I have read other materials on Bayesian statistics but am using the Wikipedia page on Bayesian inference to frame this question.
I have a working understanding of the $$P(H \mid E) = \frac{P(E \mid H) P(H)}{P(E)}$$ version of Bayesian inference, and can do examples/exercises with that method. But as soon as people shift to $$P(\theta \mid X, \alpha) = \frac{P(X \mid \theta) P(\theta \mid \alpha)}{P(X \mid \alpha)}$$ I get confused. I know that they are describing the same theorem, and I have a basic understanding of probability distributions and their parameters, but this still is not clicking for me. Could someone either help me conceptually or give a worked example that might help me understand the formal definition? I'm trying to reach an intuitive understanding of this. I have done a lot of reading and am still extremely confused.
Thank you!
Just work with the discrete setting first. All that is said is just the following. You suspect that some random variable $X$ (say, with values $0,1$) may have several possible distribution laws (say, $P(0)=\frac 13, P(1)=\frac 23$ (1), $P(0)=\frac 12, P(1)=\frac 12$ (2), and $P(0)=\frac 23, P(1)=\frac 13$ (3). So your $\theta\in\{1,2,3\}$ is just the choice of this law. You want to figure out which law is the case. All you can do is to make an initial guess (say, you suspect that (1) is more likely than the other two, which are equally likely. So, you make an educated guess and bet that there is about $1/2$ chance that you are dealing with law (1) and assign $\frac 14$ chance to each of the other $2$.

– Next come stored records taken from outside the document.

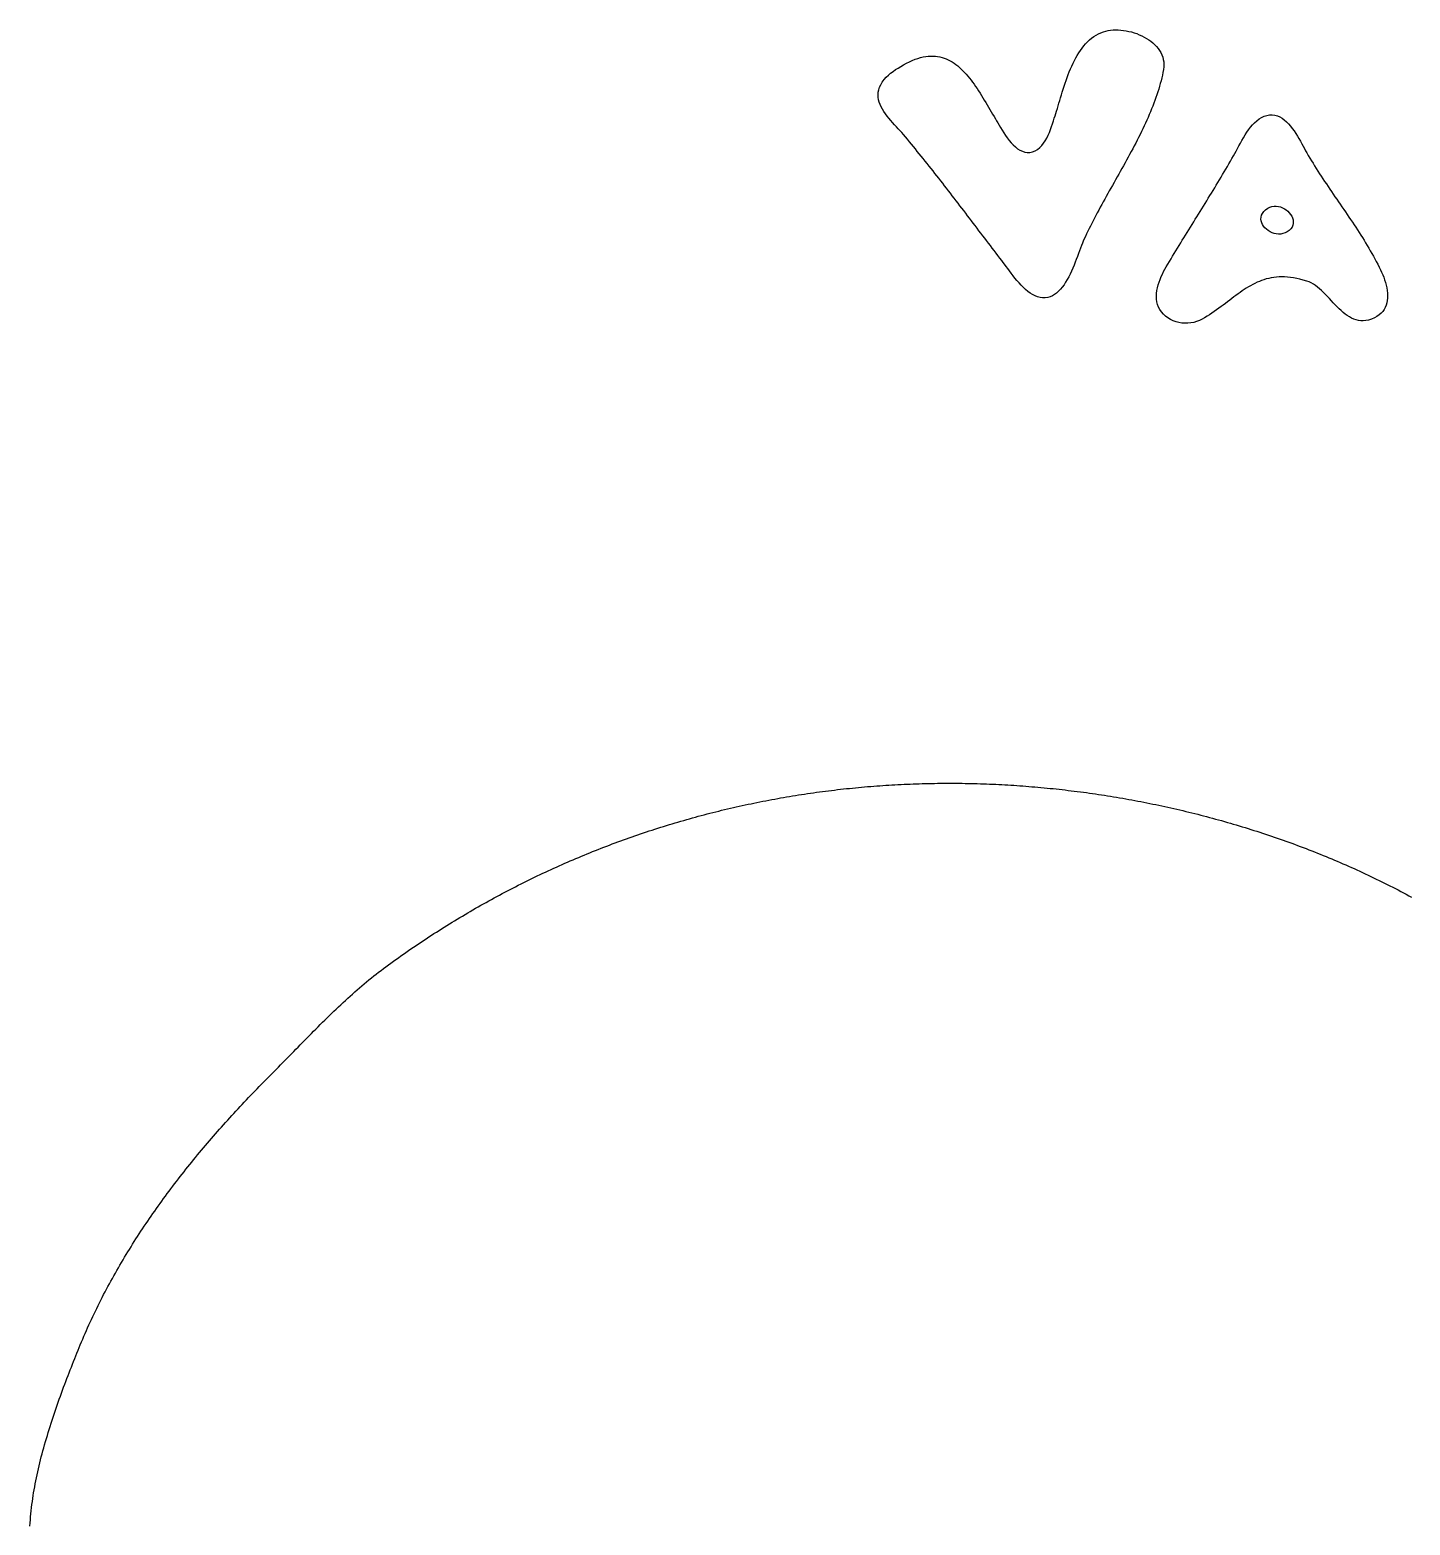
# Model space of a CAD drawing. Header units: millimetres. Extents: x 39 to 1263, y 30 to 1523.
# Drawn here: x 44.9 to 493.1, y 872.5 to 1358 of the extents above; entities that cross this region are included whole.
import ezdxf

# ---------------------------------------------------------------- set-up
doc = ezdxf.new("R2010")
doc.units = ezdxf.units.MM
doc.layers.add('0_0_0', color=3, linetype='Continuous')

msp = doc.modelspace()

# ---------------------------------------------------------------- linework, layer by layer
at = {"layer": '0_0_0'}
for points in [[(393.53, 1357.41), (394.26, 1357.62), (395.02, 1357.79), (395.81, 1357.91), (396.62, 1357.99), (397.45, 1358.02), (398.3, 1358.01), (399.15, 1357.96), (400.02, 1357.86), (400.88, 1357.73), (401.75, 1357.55), (402.62, 1357.34), (403.47, 1357.09), (404.32, 1356.8), (405.15, 1356.47), (405.96, 1356.11), (406.74, 1355.71), (407.5, 1355.28), (408.23, 1354.81), (408.92, 1354.31), (409.58, 1353.78), (410.19, 1353.21), (410.75, 1352.62), (411.27, 1351.99), (411.73, 1351.34), (412.13, 1350.65), (412.47, 1349.94), (412.74, 1349.2), (412.95, 1348.44), (413.08, 1347.64), (413.13, 1346.83), (413.11, 1345.99), (412.99, 1345.12), (412.83, 1344.22), (412.64, 1343.32), (412.43, 1342.42), (412.21, 1341.52), (411.97, 1340.61), (411.72, 1339.7), (411.45, 1338.79), (411.16, 1337.88), (410.86, 1336.96), (410.54, 1336.05), (410.22, 1335.13), (409.87, 1334.21), (409.52, 1333.29), (409.15, 1332.37), (408.77, 1331.45), (408.38, 1330.52), (407.98, 1329.6), (407.57, 1328.68), (407.15, 1327.75), (406.72, 1326.83), (406.28, 1325.9), (405.84, 1324.98), (405.38, 1324.05), (404.92, 1323.13), (404.45, 1322.2), (403.98, 1321.28), (403.5, 1320.35), (403.01, 1319.43), (402.52, 1318.51), (402.02, 1317.59), (401.53, 1316.67), (401.02, 1315.75), (400.52, 1314.83), (400.01, 1313.91), (399.5, 1313), (398.99, 1312.08), (398.48, 1311.17), (397.97, 1310.26), (397.46, 1309.35), (396.95, 1308.45), (396.44, 1307.54), (395.93, 1306.64), (395.42, 1305.74), (394.92, 1304.85), (394.42, 1303.95), (393.92, 1303.06), (393.43, 1302.17), (392.94, 1301.29), (392.46, 1300.41), (391.98, 1299.53), (391.51, 1298.65), (391.05, 1297.78), (390.59, 1296.91), (390.14, 1296.05), (389.7, 1295.19), (389.26, 1294.33), (388.84, 1293.48), (388.43, 1292.64), (388.02, 1291.79), (387.63, 1290.95), (387.24, 1290.12), (386.96, 1289.46), (386.66, 1288.74), (386.36, 1287.96), (386.05, 1287.14), (385.73, 1286.28), (385.4, 1285.38), (385.06, 1284.45), (384.7, 1283.51), (384.33, 1282.55), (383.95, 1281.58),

Now you observe $X$ and it comes out as $1$, say. So you look at how this changes your opinion about the likelihood of each law. Remember that your model of the generation of $X$ is a two-step one now: first you choose randomly one of 3 probability laws and then choose $X$ according to that law.
The full probability ($P(X|\alpha)$) of getting $X=1$ is then $\frac 12\frac 23+\frac 14\frac 12+\frac 14\frac 13=\frac{13}{24}$. Now you just look at the part each law contributed to this whole probability, which is given by the corresponding individual product of fractions $P(X|\theta)P(\theta|\alpha)$ (I wrote the factors in the reverse order above). Those parts are $\frac 13=\frac{8}{24}, \frac 18=\frac 2{24}, \frac 1{12}=\frac 2{24}$. Now just compute what portion each part makes of the whole $\frac{13}{24}$. You'll get $\frac 8{13},\frac 3{13}, \frac 2{13}$ correspondingly. Thus your belief in law (1) got reinforced while your beliefs in two other laws got diminished (which is not really surprising). The next sample will create another update, and so on.
Just keep in mind that what you are trying to evaluate here is not the likelihood of one event given another event (like the probability of rain given that the sky is cloudy) but the likelihood of the distribution given an event (like what is the chance that, given that the rain fell, it is the first weather station that predicts the weather correctly if it was saying that it would rain with probability 20% and the second one put that chance at 40%, assuming that one of them is always correct and the other one is taking its data from the ceiling but you don't know which one is which). BTW, you can try this example yourself now. All you need is to assign some prior probabilities to the 2 weather stations and see how your opinions of them get updated after you get wet when walking outside.